# 24k or 100k topo maps CD or Micro disk



## Supersinglespeeder (Oct 27, 2005)

Just got my 705 and there is a choice between DVD and micro disk?? what is the difference? the topo maps are either 24k or 100K, the 24k is much better resolution but the 100k seems to be sold @ the bike shops is there a difference??


----------



## 3034 (Apr 12, 2006)

you want 24k maps for trail rides.
I dont know what you can use the 100k maps for unless your a pilot


----------



## softwaredeveloper99 (Aug 24, 2008)

Get the DVD so u can do the mapping work on the PC or Mac - then you download the MAPS and routes to the 705 -that is what i do


----------



## bankerboy (Oct 17, 2006)

*Free 24K Topo maps*

I know this has been said before but it bares repeating

http://www.gpsfiledepot.com/maps/

They have many states 24K topo equivalent maps.
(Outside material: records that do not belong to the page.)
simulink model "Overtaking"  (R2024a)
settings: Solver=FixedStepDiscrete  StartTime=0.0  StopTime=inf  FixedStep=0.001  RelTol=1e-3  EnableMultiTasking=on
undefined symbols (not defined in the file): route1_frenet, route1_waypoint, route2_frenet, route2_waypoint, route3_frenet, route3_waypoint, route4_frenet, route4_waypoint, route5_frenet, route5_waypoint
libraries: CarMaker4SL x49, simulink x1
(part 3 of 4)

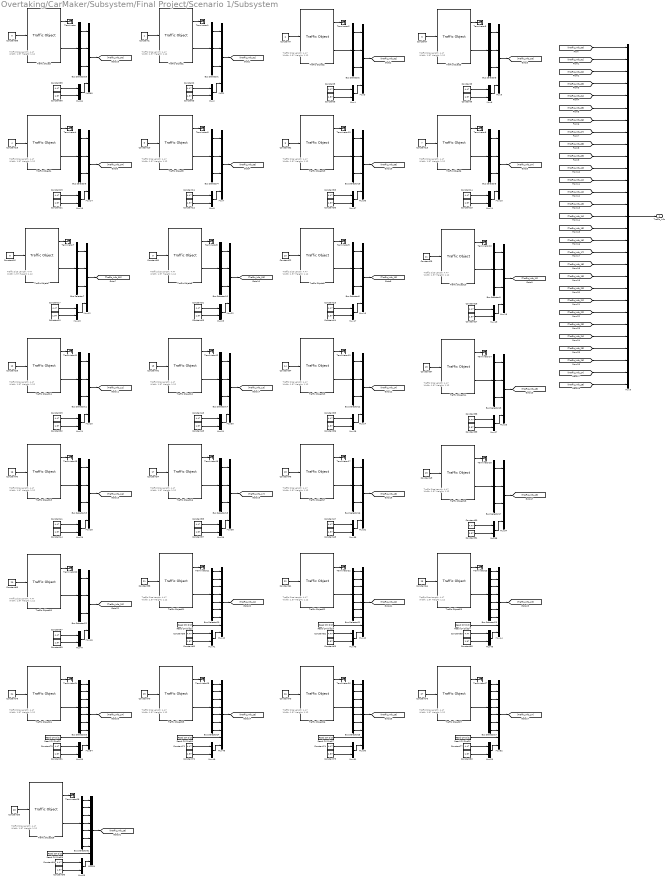
== system Overtaking/CarMaker/Subsystem/Final Project/Scenario 1/Subsystem ==
  note: Traffic Size
      | Length: 4.47
      | Width: 1.97
      | Height: 1.12
  note: Traffic Size
      | Length: 4.47
      | Width: 1.97
      | Height: 1.12
  note: Traffic Size
      | Length: 4.47
      | Width: 1.97
      | Height: 1.12
  note: Traffic Size
      | Length: 4.47
      | Width: 1.97
      | Height: 1.12
  note: Traffic Size
      | Length: 4.47
      | Width: 1.97
      | Height: 1.12
  note: Traffic Size
      | Length: 4.47
      | Width: 1.97
      | Height: 1.12
  note: Traffic Size
      | Length: 4.47
      | Width: 1.97
      | Height: 1.12
  note: Traffic Size
      | Length: 4.47
      | Width: 1.97
      | Height: 1.12
  note: Traffic Size
      | Length: 4.47
      | Width: 1.97
      | Height: 1.12
  note: Traffic Size
      | Length: 4.47
      | Width: 1.97
      | Height: 1.12
  note: Traffic Size
      | Length: 4.47
      | Width: 1.97
      | Height: 1.12
  note: Traffic Size
      | Length: 4.47
      | Width: 1.97
      | Height: 1.12
  note: Traffic Size
      | Length: 4.47
      | Width: 1.97
      | Height: 1.12
  note: Traffic Size
      | Length: 4.47
      | Width: 1.97
      | Height: 1.12
  note: Traffic Size
      | Length: 4.47
      | Width: 1.97
      | Height: 1.12
  note: Traffic Size
      | Length: 4.47
      | Width: 1.97
      | Height: 1.12
  note: Traffic Size
      | Length: 4.47
      | Width: 1.97
      | Height: 1.12
  note: Traffic Size
      | Length: 4.47
      | Width: 1.97
      | Height: 1.12
  note: Traffic Size
      | Length: 4.47
      | Width: 1.97
      | Height: 1.12
  note: Traffic Size
      | Length: 4.47
      | Width: 1.97
      | Height: 1.12
  note: Traffic Size
      | Length: 4.47
      | Width: 1.97
      | Height: 1.12
  note: Traffic Size
      | Length: 4.47
      | Width: 1.97
      | Height: 1.12
  note: Traffic Size
      | Length: 4.47
      | Width: 1.97
      | Height: 1.12
  note: Traffic Size
      | Length: 4.47
      | Width: 1.97
      | Height: 1.12
  note: Traffic Size
      | Length: 4.47
      | Width: 1.97
      | Height: 1.12
  note: Traffic Size
      | Length: 4.47
      | Width: 1.97
      | Height: 1.12
  note: Traffic Size
      | Length: 4.47
      | Width: 1.97
      | Height: 1.12
  note: Traffic Size
      | Length: 4.47
      | Width: 1.97
      | Height: 1.12
  note: Traffic Size
      | Length: 4.47
      | Width: 1.97
      | Height: 1.12
  Bus Selector{1..19,22,29} (21 alike) : BusSelector  OutputSignals=t_0 x,t_0 y,r_zyx z
  Bus Selector{20..21,23..27,31} (8 alike) : BusSelector  OutputSignals=t_0 x,t_0 y,v_0 x,v_0 y,a_0 x,a_0 y,r_zyx z
  Constant1 : Constant
  Constant10 : Constant  Value=5
  Constant{2,5,8,11,14,17,19,23,26,29,31,35,38,41,43,47,50,53,55,59,62,65,67,71,74,77,79,89,94} (29 alike) : Constant  Value=4.47
  Constant{3,6,9,12,15,20..21,24,27,32..33,36,39,44..45,48,51,56..57,60,63,68..69,72,75,80..81,90,96} (29 alike) : Constant  Value=1.97
  Constant13 : Constant  Value=7
  Constant16 : Constant  Value=8
  Constant18 : Constant  Value=4
  Constant22 : Constant  Value=10
  Constant25 : Constant  Value=11
  Constant28 : Constant  Value=12
  Constant30 : Constant  Value=9
  Constant34 : Constant  Value=14
  Constant37 : Constant  Value=15
  Constant4 : Constant  Value=2
  Constant40 : Constant  Value=16
  Constant42 : Constant  Value=13
  Constant46 : Constant  Value=18
  Constant49 : Constant  Value=19
  Constant52 : Constant  Value=6
  Constant54 : Constant  Value=17
  Constant58 : Constant  Value=21
  Constant61 : Constant  Value=22
  Constant64 : Constant  Value=23
  Constant66 : Constant  Value=20
  Constant7 : Constant  Value=3
  Constant70 : Constant  Value=25
  Constant73 : Constant  Value=26
  Constant76 : Constant  Value=27
  Constant78 : Constant  Value=24
  Constant88 : Constant  Value=0
  Constant93 : Constant  Value=28
  Mux{1,3,5,7,10,12,14,16,18,20,22,24,26,28,30,32,34,36,38,46,60} (21 alike) : Mux
  Mux{2,4,6,8,11,13,15,17,19,21,23,25,27,29,31,33,35,37,39,41,43,45,47,49,51,53,55,61,65} (29 alike) : Mux  Inputs=2
  Mux{40,42,44,48,50,52,54,64} (8 alike) : Mux  Inputs=9
  Mux9 : Mux  Inputs=29
  Read CM Dict22 : CarMaker4SL/Read CM Dict  xname=Traffic.T21.rzv  xsync=off  xstime=Inherited
  Read CM Dict23 : CarMaker4SL/Read CM Dict  xname=Traffic.T22.rzv  xsync=off  xstime=Inherited
  Read CM Dict24 : CarMaker4SL/Read CM Dict  xname=Traffic.T23.rzv  xsync=off  xstime=Inherited
  Read CM Dict25 : CarMaker4SL/Read CM Dict  xname=Traffic.T24.rzv  xsync=off  xstime=Inherited
  Read CM Dict26 : CarMaker4SL/Read CM Dict  xname=Traffic.T25.rzv  xsync=off  xstime=Inherited
  Read CM Dict27 : CarMaker4SL/Read CM Dict  xname=Traffic.T26.rzv  xsync=off  xstime=Inherited
  Read CM Dict28 : CarMaker4SL/Read CM Dict  xname=Traffic.T27.rzv  xsync=off  xstime=Inherited
  Read CM Dict29 : CarMaker4SL/Read CM Dict  xname=Traffic.T28.rzv  xsync=off  xstime=Inherited
  Terminator{,1..28} (29 alike) : Terminator
  Traffic Object : CarMaker4SL/Traffic Object  xname=T00  ximode=Traffic Id  xstime=Inherited
      settings: SourceProductName=CarMaker4SL
  Traffic Object1 : CarMaker4SL/Traffic Object  xname=T01  ximode=Traffic Id  xstime=Inherited
      settings: SourceProductName=CarMaker4SL
  Traffic Object10 : CarMaker4SL/Traffic Object  xname=T11  ximode=Traffic Id  xstime=Inherited
      settings: SourceProductName=CarMaker4SL
  Traffic Object11 : CarMaker4SL/Traffic Object  xname=T12  ximode=Traffic Id  xstime=Inherited
      settings: SourceProductName=CarMaker4SL
  Traffic Object12 : CarMaker4SL/Traffic Object  xname=T13  ximode=Traffic Id  xstime=Inherited
      settings: SourceProductName=CarMaker4SL
  Traffic Object13 : CarMaker4SL/Traffic Object  xname=T14  ximode=Traffic Id  xstime=Inherited
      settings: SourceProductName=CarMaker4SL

They are free. They work with Mapsource so you can easily install them on your Garmin.

Just click on the state choices on the RIGHT side of the screen. It will take you to a download page. Follow the directions and you can have them in Mapsource the next time you use it. All of these topos are uploadable so your gps should be good to go, assuming your state is listed.

The one downside is the maps are not routable. You can draw a route, or upload a route, but you could not have the map create a point to point route like you could with a car type gps. It is not a big deal to me. I have used this site for the last 2 years and been quite happy with it.

Try it BEFORE you but any map. If you don't like it, you can always spend your hard earned cash for Garmin's 24k maps.

Good luck and happy mapping.


----------